Your objective -> Each line containing the word "RightPortType" must be copied from the material below.

"""

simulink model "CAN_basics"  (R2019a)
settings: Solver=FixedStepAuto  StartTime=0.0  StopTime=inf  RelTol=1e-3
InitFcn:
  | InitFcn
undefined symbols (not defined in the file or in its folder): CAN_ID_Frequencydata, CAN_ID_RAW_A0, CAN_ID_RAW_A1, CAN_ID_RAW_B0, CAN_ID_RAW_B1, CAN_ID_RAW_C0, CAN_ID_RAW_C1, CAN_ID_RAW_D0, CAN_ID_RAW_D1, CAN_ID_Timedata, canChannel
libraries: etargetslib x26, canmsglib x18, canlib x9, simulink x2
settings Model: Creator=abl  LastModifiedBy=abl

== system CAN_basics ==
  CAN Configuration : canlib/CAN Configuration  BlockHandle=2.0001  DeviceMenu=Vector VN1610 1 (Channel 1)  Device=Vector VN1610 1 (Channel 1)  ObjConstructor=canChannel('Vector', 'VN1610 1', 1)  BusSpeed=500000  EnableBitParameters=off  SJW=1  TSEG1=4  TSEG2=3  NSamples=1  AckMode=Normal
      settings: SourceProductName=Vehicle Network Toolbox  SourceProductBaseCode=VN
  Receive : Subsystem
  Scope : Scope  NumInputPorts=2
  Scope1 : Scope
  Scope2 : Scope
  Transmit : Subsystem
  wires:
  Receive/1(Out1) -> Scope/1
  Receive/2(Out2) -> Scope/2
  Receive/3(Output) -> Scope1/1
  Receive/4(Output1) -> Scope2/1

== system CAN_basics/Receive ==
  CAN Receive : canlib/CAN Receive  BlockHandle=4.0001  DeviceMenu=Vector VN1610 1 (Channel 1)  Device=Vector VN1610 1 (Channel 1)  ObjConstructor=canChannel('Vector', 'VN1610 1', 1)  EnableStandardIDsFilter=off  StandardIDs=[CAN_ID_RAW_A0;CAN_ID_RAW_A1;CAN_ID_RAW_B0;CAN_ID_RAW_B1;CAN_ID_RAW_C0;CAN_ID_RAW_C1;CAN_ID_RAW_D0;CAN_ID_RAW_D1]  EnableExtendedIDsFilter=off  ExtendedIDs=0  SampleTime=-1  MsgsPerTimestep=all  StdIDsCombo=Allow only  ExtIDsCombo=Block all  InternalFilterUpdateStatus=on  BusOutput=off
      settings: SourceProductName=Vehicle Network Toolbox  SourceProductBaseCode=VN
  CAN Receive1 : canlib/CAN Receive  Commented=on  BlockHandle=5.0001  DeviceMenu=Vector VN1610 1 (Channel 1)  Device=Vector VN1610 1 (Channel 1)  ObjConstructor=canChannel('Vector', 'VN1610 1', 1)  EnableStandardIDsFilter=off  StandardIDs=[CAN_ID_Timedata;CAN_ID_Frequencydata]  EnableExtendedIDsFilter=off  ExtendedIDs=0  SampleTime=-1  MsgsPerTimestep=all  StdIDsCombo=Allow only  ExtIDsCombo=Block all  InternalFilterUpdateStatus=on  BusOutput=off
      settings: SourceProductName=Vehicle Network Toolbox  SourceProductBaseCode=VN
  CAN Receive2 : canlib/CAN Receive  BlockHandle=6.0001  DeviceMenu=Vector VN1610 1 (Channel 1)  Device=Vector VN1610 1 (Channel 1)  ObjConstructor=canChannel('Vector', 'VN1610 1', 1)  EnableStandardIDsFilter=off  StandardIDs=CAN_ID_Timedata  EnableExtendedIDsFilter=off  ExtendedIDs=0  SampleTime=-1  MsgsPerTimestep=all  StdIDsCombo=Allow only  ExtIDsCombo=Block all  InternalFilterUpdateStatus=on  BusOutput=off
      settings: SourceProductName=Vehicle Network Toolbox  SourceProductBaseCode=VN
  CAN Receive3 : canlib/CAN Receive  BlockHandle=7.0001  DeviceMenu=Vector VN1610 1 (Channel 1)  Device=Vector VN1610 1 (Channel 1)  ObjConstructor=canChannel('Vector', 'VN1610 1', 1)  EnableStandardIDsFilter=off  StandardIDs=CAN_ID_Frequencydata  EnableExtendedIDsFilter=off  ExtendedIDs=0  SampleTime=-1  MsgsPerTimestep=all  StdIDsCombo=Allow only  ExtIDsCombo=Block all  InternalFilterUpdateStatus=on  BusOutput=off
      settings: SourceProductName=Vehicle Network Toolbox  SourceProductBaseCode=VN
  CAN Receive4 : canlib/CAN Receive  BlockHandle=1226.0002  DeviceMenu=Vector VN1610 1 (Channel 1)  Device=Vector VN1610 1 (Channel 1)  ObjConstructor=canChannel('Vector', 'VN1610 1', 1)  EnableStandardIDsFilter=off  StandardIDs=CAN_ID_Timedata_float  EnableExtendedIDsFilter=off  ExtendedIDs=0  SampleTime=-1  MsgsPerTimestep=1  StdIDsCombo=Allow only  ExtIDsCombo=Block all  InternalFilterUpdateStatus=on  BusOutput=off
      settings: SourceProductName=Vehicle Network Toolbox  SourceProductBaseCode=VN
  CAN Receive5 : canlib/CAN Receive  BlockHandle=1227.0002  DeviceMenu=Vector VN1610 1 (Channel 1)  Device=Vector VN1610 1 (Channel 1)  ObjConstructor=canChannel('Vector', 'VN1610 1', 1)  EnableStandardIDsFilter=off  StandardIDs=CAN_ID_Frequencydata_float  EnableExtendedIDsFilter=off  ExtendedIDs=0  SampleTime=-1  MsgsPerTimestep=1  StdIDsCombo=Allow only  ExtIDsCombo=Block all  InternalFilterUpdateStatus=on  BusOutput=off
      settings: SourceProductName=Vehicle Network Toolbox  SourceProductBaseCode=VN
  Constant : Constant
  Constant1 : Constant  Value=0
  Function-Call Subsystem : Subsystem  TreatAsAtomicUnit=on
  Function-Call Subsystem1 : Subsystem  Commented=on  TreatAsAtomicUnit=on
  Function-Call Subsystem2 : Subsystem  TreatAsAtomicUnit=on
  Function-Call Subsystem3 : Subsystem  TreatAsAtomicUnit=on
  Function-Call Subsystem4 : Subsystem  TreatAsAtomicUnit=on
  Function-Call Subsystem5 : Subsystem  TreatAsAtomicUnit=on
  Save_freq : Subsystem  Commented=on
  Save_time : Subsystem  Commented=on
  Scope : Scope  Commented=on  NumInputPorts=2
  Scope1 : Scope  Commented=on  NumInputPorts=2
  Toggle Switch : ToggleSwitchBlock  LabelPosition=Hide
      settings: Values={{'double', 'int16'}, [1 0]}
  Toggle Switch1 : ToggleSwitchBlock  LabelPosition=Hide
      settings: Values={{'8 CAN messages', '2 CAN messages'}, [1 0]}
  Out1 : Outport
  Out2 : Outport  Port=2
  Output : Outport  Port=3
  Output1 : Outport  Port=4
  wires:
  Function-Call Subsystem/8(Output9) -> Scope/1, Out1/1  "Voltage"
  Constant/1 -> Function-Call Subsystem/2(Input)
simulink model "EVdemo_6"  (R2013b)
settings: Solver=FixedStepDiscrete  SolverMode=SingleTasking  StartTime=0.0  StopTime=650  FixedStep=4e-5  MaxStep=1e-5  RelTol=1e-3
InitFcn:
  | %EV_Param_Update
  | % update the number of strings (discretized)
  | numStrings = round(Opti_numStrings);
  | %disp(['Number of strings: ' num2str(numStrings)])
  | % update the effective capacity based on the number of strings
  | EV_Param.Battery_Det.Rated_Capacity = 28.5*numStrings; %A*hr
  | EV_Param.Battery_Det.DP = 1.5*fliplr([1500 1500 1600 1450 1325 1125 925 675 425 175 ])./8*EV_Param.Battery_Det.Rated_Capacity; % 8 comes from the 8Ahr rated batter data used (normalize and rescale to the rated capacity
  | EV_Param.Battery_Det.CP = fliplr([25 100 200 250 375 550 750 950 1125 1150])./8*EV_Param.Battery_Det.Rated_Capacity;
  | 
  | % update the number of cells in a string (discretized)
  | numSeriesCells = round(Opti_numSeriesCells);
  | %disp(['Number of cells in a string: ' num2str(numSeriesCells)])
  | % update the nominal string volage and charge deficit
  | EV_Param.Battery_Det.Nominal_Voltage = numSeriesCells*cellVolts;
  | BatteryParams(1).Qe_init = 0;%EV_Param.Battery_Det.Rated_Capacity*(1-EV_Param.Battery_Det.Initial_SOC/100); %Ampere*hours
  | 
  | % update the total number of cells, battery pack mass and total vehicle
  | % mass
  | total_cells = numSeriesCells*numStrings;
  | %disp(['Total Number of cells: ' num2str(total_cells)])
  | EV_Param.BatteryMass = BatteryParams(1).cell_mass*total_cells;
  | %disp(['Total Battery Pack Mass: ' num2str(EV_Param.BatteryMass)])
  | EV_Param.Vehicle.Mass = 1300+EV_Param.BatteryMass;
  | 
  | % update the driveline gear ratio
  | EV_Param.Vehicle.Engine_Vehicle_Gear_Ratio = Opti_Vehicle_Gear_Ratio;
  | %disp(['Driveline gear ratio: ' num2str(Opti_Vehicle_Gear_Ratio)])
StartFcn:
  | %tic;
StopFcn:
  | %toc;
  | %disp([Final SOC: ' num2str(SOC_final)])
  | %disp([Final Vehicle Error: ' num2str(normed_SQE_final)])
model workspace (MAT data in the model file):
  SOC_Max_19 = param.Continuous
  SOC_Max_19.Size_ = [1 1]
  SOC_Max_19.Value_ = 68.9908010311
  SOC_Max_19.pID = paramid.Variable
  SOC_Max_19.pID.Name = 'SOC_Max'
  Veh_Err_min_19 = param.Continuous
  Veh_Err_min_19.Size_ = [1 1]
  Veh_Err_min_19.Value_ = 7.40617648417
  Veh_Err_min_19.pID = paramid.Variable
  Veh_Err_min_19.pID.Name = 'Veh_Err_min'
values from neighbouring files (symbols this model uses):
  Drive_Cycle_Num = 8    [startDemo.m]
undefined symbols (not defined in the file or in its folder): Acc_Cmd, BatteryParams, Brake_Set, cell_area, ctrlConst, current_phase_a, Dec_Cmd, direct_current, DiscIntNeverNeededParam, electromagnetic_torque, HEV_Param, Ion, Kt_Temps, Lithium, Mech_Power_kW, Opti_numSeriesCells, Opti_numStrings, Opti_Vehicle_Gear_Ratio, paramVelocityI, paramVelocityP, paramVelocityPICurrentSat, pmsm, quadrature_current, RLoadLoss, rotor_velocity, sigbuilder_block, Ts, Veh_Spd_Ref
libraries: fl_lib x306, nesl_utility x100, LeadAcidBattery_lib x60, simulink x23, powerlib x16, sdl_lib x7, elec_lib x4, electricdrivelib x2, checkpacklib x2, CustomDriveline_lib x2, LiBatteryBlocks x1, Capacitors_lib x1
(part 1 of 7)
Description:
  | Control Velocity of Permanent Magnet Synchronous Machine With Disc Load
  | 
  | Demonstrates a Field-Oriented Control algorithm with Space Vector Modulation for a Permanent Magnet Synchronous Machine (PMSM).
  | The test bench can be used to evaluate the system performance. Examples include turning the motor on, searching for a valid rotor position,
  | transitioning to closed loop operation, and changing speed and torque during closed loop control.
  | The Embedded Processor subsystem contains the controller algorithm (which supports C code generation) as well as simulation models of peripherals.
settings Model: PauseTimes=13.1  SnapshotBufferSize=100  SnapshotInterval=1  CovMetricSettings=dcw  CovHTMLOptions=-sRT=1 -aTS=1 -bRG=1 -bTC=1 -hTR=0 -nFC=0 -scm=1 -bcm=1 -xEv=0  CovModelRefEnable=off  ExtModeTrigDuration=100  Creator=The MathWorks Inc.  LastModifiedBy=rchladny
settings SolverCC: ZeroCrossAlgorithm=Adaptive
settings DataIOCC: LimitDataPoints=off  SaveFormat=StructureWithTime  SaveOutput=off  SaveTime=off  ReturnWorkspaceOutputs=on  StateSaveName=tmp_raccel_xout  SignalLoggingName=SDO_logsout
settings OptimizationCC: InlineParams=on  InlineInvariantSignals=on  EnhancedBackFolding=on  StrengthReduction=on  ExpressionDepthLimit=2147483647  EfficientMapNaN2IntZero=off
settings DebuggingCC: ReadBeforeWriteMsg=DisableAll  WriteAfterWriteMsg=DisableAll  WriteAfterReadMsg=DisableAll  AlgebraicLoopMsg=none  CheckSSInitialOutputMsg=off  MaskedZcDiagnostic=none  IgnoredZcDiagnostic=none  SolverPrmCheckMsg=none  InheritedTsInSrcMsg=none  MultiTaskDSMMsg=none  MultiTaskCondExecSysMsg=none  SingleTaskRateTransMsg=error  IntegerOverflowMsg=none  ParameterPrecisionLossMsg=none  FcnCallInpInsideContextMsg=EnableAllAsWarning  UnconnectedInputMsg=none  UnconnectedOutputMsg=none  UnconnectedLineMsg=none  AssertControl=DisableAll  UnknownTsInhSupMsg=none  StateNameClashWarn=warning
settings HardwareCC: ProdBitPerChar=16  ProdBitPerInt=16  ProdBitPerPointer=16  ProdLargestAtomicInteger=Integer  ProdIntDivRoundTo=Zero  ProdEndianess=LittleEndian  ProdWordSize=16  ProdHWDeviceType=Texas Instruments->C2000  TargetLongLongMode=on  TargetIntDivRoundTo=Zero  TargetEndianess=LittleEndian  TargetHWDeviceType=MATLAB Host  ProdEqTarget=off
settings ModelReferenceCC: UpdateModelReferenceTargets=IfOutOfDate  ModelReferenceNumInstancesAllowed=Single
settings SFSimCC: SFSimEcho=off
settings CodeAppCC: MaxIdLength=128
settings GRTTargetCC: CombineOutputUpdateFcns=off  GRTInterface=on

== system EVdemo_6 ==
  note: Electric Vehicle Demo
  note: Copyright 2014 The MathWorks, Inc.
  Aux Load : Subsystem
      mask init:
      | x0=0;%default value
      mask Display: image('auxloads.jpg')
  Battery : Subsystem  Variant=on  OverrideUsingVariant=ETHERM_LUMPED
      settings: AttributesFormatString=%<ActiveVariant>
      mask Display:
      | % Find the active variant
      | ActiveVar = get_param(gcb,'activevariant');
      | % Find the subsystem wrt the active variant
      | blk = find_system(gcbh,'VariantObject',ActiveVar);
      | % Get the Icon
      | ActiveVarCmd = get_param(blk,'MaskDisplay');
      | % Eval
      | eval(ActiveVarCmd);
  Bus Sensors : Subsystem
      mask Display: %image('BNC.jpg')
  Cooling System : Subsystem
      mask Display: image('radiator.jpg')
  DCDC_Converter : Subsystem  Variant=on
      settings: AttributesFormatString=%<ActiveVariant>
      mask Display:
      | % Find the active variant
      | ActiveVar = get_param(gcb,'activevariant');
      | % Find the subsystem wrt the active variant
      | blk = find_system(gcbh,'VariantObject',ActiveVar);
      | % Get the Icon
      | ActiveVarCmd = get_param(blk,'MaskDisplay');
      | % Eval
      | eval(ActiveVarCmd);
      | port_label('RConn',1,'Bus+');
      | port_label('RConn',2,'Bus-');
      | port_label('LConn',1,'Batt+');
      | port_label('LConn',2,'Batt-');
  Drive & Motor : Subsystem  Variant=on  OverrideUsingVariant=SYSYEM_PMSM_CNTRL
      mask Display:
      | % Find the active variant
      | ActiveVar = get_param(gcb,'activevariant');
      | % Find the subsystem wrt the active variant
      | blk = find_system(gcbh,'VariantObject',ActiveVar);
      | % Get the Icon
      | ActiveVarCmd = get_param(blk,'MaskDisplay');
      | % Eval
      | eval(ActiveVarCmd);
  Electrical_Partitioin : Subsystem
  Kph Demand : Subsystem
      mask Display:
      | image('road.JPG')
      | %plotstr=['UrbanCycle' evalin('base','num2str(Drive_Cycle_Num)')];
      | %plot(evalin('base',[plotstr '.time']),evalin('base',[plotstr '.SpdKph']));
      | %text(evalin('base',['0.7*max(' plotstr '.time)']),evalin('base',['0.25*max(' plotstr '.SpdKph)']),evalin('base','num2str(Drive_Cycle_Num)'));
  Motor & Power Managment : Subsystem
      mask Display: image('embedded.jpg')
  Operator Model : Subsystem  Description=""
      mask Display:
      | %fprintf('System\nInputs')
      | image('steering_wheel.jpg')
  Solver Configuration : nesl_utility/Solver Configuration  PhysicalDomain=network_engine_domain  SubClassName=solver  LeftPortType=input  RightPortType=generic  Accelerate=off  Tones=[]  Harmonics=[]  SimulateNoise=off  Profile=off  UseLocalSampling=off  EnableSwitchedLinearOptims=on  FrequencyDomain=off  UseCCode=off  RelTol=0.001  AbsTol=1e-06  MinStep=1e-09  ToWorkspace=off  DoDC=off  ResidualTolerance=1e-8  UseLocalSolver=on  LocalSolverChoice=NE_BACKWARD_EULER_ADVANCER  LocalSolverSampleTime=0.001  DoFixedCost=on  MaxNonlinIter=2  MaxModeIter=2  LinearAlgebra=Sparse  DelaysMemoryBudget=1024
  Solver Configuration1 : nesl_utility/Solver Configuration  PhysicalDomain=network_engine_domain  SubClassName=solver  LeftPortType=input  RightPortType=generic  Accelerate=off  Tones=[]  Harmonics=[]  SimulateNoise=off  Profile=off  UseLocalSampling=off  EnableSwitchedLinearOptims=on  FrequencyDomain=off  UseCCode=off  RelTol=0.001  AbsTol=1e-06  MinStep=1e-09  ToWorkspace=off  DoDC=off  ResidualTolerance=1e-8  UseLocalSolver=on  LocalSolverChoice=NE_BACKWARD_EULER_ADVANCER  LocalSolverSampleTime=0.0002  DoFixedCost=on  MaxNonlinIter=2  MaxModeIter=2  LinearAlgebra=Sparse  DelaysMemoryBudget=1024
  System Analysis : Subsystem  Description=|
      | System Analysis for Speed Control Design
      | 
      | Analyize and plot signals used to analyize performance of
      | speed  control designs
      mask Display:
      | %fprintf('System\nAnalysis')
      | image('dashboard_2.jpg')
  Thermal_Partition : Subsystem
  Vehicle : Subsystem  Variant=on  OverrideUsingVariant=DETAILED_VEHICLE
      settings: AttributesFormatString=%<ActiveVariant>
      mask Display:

"""

Output for this task ->
  Solver Configuration : nesl_utility/Solver Configuration  PhysicalDomain=network_engine_domain  SubClassName=solver  LeftPortType=input  RightPortType=generic  Accelerate=off  Tones=[]  Harmonics=[]  SimulateNoise=off  Profile=off  UseLocalSampling=off  EnableSwitchedLinearOptims=on  FrequencyDomain=off  UseCCode=off  RelTol=0.001  AbsTol=1e-06  MinStep=1e-09  ToWorkspace=off  DoDC=off  ResidualTolerance=1e-8  UseLocalSolver=on  LocalSolverChoice=NE_BACKWARD_EULER_ADVANCER  LocalSolverSampleTime=0.001  DoFixedCost=on  MaxNonlinIter=2  MaxModeIter=2  LinearAlgebra=Sparse  DelaysMemoryBudget=1024
  Solver Configuration1 : nesl_utility/Solver Configuration  PhysicalDomain=network_engine_domain  SubClassName=solver  LeftPortType=input  RightPortType=generic  Accelerate=off  Tones=[]  Harmonics=[]  SimulateNoise=off  Profile=off  UseLocalSampling=off  EnableSwitchedLinearOptims=on  FrequencyDomain=off  UseCCode=off  RelTol=0.001  AbsTol=1e-06  MinStep=1e-09  ToWorkspace=off  DoDC=off  ResidualTolerance=1e-8  UseLocalSolver=on  LocalSolverChoice=NE_BACKWARD_EULER_ADVANCER  LocalSolverSampleTime=0.0002  DoFixedCost=on  MaxNonlinIter=2  MaxModeIter=2  LinearAlgebra=Sparse  DelaysMemoryBudget=1024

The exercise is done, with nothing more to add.